Les F-16 belges s'envolent de Florennes pour aller combattre l'Etat islamique
Ils ont décollé mardi matin de la base de Florennes. Leur engagement en Iraq et en Syrie durera un an.

- Publié le 29-09-2020 à 12h03
- Mis à jour le 29-09-2020 à 20h37

Le raffut des réacteurs annonce un départ imminent. Sous la verrière de son F-16, un pilote salue de la main le colonel Philippe Goffin, commandant de la base aérienne de Florennes, venu assister au décollage. Il est aux alentours de 11h, mardi, lorsque quatre avions de chasse belges s'envolent pour la Jordanie, où ils seront basés. Un cinquième appareil les accompagne. Simple mesure de prudence en cas de problème technique lors du ravitaillement en l'air prévu au-dessus de la Méditerranée, grosso modo entre Marseille (sud de la France) et la Crète. Temps de vol : 4 h 45.
La Belgique fait partie depuis 2014 de la coalition internationale, forte de 77 pays, qui combat le groupe terroriste Daesh (ou État islamique) en Iraq et en Syrie. Au mois de mai, le gouvernement avait pris la décision de renvoyer quatre F-16 dans la coalition, épaulés par un détachement de 125 militaires (déjà sur place). L'engagement commence ce 1er octobre et durera un an. La zone d'intervention couvre l'ensemble de l'Iraq et le nord-est de la Syrie.
Dans l'attente des Néerlandais
"Si on veut avoir son mot à dire (au sein de la coalition, NdlR), avoir une présence politique, on doit avoir une présence sur le terrain", a commenté le colonel Goffin, mardi matin, alors que l'engagement belge contre Daesh était minimal depuis près de deux ans.

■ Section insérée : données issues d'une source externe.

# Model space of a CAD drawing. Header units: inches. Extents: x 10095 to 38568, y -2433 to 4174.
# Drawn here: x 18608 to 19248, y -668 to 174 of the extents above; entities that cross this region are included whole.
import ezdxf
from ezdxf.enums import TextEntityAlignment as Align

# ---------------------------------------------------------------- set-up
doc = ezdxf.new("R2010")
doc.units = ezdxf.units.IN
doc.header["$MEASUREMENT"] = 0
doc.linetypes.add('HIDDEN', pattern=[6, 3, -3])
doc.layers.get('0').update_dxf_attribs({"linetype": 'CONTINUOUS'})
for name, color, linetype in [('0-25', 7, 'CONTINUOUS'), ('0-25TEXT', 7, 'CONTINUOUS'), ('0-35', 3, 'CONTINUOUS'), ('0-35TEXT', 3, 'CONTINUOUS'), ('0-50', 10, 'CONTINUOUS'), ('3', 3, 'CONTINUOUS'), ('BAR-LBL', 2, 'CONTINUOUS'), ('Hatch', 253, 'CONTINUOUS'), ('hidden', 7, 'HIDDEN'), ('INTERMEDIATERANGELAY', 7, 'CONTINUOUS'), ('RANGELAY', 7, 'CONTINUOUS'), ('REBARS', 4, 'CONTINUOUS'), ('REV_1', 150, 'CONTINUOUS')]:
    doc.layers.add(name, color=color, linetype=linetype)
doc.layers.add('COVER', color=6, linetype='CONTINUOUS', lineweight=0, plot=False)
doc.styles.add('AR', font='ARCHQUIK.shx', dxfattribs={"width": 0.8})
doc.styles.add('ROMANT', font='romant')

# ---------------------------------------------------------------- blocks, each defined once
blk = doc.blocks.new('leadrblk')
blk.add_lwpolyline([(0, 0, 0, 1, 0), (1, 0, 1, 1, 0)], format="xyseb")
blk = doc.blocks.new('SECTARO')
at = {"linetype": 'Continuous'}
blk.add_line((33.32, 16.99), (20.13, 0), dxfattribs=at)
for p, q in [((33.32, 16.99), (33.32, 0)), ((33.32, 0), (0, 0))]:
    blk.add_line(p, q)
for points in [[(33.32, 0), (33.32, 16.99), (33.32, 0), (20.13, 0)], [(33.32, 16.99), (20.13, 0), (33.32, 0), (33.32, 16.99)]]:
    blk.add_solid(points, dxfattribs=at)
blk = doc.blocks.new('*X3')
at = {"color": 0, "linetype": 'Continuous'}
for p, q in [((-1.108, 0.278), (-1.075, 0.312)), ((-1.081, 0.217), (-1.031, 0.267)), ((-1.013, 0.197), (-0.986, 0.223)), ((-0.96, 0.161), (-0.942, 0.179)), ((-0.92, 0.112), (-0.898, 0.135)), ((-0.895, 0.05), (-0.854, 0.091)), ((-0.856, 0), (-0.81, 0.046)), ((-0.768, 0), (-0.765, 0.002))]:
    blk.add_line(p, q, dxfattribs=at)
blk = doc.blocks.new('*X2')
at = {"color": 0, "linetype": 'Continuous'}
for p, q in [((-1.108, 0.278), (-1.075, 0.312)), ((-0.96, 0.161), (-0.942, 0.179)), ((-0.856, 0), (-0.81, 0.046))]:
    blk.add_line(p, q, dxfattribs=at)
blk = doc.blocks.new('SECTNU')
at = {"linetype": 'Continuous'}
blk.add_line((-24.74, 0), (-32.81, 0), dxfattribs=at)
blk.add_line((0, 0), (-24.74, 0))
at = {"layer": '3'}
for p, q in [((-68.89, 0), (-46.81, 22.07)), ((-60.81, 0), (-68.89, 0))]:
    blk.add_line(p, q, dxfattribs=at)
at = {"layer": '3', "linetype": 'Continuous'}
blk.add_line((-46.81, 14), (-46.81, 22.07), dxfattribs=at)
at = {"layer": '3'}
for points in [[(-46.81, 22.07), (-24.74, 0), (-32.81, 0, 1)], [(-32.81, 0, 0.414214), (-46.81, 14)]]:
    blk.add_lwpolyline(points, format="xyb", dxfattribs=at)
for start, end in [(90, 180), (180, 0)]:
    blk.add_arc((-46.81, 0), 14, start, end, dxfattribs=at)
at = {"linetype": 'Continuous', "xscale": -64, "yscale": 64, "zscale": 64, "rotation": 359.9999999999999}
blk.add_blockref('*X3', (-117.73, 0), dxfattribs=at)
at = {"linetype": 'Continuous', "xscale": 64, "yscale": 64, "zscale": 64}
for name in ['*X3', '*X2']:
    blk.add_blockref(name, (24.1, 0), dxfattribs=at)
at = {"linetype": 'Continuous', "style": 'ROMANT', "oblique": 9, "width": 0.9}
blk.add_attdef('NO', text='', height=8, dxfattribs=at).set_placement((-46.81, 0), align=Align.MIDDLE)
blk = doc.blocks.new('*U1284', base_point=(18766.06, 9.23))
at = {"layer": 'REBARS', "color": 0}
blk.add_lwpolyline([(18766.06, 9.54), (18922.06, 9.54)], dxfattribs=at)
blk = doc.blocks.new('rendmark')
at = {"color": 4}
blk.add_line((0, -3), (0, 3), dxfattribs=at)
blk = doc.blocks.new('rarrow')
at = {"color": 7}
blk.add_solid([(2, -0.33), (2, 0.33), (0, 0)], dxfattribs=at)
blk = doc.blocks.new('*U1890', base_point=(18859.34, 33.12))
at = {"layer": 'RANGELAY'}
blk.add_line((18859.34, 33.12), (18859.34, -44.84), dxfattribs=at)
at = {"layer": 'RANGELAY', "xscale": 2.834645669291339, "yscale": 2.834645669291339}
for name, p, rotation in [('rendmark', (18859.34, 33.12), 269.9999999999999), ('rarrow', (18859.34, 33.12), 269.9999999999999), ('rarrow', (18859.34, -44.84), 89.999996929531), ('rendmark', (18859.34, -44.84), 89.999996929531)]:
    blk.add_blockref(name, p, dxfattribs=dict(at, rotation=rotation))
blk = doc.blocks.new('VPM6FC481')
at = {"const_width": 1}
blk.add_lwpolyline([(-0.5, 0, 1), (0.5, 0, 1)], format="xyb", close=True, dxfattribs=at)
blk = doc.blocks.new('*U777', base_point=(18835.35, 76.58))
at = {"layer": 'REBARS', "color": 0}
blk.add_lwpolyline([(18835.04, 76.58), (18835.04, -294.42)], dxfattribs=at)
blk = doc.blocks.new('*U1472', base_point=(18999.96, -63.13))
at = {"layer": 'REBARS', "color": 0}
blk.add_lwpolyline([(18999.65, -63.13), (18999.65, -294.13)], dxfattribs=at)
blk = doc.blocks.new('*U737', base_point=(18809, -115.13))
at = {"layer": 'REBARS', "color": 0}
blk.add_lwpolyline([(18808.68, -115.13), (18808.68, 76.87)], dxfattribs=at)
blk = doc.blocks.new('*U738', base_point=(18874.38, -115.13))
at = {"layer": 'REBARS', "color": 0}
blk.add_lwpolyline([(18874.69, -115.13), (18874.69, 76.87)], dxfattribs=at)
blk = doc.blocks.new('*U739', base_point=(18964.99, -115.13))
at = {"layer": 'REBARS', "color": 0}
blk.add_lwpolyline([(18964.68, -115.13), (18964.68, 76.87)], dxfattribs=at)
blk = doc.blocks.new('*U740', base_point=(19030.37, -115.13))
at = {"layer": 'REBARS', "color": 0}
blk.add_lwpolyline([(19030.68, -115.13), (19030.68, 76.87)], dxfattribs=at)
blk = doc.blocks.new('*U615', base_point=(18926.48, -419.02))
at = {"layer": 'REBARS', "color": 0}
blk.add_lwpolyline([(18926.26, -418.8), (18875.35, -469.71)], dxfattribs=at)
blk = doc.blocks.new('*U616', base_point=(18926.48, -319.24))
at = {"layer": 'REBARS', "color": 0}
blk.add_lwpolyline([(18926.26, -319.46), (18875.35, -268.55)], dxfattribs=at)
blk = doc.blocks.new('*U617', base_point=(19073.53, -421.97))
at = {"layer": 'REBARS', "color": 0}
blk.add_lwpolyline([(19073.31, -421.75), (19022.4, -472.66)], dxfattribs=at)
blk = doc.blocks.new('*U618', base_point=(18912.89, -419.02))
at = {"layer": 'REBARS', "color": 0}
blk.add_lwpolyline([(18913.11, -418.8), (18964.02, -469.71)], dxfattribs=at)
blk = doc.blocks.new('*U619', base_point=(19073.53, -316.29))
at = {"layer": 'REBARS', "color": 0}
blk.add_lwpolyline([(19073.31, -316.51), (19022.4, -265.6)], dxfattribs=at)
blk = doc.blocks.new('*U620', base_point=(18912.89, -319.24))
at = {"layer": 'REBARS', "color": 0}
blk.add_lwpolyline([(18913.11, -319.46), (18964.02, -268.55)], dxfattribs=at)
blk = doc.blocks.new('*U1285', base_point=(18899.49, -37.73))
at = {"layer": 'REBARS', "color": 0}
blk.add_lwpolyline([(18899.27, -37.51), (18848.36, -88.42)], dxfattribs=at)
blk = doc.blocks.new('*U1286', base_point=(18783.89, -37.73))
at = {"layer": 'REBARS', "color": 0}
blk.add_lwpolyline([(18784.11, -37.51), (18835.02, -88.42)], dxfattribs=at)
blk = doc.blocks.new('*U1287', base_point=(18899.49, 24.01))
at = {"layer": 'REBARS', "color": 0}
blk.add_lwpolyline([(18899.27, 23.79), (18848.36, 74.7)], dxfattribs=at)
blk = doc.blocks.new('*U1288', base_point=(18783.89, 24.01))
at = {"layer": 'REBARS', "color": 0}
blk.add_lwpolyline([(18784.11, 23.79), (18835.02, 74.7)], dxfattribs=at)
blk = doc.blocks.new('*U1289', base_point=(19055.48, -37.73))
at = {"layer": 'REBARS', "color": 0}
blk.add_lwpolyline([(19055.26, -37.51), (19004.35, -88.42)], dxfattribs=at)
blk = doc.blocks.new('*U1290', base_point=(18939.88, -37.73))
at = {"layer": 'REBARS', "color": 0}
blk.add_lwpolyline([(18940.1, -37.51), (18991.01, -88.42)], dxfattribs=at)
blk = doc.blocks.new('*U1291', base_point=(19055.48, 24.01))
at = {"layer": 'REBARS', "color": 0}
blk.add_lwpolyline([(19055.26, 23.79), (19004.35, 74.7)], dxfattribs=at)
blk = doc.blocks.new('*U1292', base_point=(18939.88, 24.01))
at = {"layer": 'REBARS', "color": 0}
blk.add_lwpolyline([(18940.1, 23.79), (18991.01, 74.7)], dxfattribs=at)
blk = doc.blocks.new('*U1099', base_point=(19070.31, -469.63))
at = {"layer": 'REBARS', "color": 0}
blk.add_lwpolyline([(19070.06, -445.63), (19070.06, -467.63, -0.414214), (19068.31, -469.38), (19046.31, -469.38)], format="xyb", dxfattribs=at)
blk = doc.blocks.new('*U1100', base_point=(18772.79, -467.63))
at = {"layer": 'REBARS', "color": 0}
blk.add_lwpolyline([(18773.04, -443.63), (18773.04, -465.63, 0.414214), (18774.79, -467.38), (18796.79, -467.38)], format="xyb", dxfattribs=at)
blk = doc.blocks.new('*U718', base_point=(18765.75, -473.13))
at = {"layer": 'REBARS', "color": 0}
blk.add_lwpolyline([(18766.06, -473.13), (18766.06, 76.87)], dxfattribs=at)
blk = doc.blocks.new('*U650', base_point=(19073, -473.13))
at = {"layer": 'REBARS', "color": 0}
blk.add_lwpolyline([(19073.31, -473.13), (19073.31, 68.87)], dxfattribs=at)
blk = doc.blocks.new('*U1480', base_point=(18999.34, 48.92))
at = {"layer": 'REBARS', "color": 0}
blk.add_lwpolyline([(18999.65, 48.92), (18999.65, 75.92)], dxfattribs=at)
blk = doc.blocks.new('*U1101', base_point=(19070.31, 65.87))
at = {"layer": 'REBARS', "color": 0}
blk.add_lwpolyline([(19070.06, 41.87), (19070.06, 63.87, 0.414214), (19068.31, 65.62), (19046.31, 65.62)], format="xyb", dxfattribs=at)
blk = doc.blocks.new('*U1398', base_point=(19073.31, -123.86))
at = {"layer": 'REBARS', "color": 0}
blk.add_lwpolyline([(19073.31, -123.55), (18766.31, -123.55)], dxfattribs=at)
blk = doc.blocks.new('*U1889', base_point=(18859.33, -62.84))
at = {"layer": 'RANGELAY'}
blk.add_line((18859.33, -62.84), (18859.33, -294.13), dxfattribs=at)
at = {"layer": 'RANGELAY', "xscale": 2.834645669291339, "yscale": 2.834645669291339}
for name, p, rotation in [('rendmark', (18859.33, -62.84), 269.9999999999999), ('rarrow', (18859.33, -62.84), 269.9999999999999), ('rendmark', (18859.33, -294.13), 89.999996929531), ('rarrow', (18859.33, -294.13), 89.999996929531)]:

De septembre 2014 à décembre 2018, la Belgique et les Pays-Bas offraient une participation commune à l'effort de la coalition. Quand l'un des deux pays envoyait ses F-16, l'autre assurait la protection des appareils dans la base jordanienne où ils étaient postés ; et inversement. Cette fois-ci, la Défense belge fera le job toute seule. En tout cas, dans un premier temps. Selon le général major Thierry Dupont, nouveau patron de la composante Air de la Défense, le renfort des Néerlandais est espéré rapidement. Ceux-ci doivent fournir une force de protection d'une trentaine d'unités. La décision politique au Pays-Bas est a priori imminente. Pour l'heure, il n'est pas prévu une rotation entre les F-16 belges et néerlandais, comme par le passé.
Mardi, la Défense a, comme à son habitude, insisté sur les efforts qu'elle déploie pour limiter le risque de dommages collatéraux. Outre des règles d'engagement très strictes, les avions seront munis de bombes GPS et à guidage laser, très précises. Et pour la première fois, ils auront aussi un nouveau modèle de bombe (GBU-39), de type SDB ("Small Diameter Bomb"), dont l'explosion est faible, juste ce qu'il faut pour détruire la cible.
Enfin, coronavirus oblige, les membres du détachement ont été placés en isolement durant deux semaines avant leur départ et ont effectué un test de dépistage pour éviter des contaminations sur place.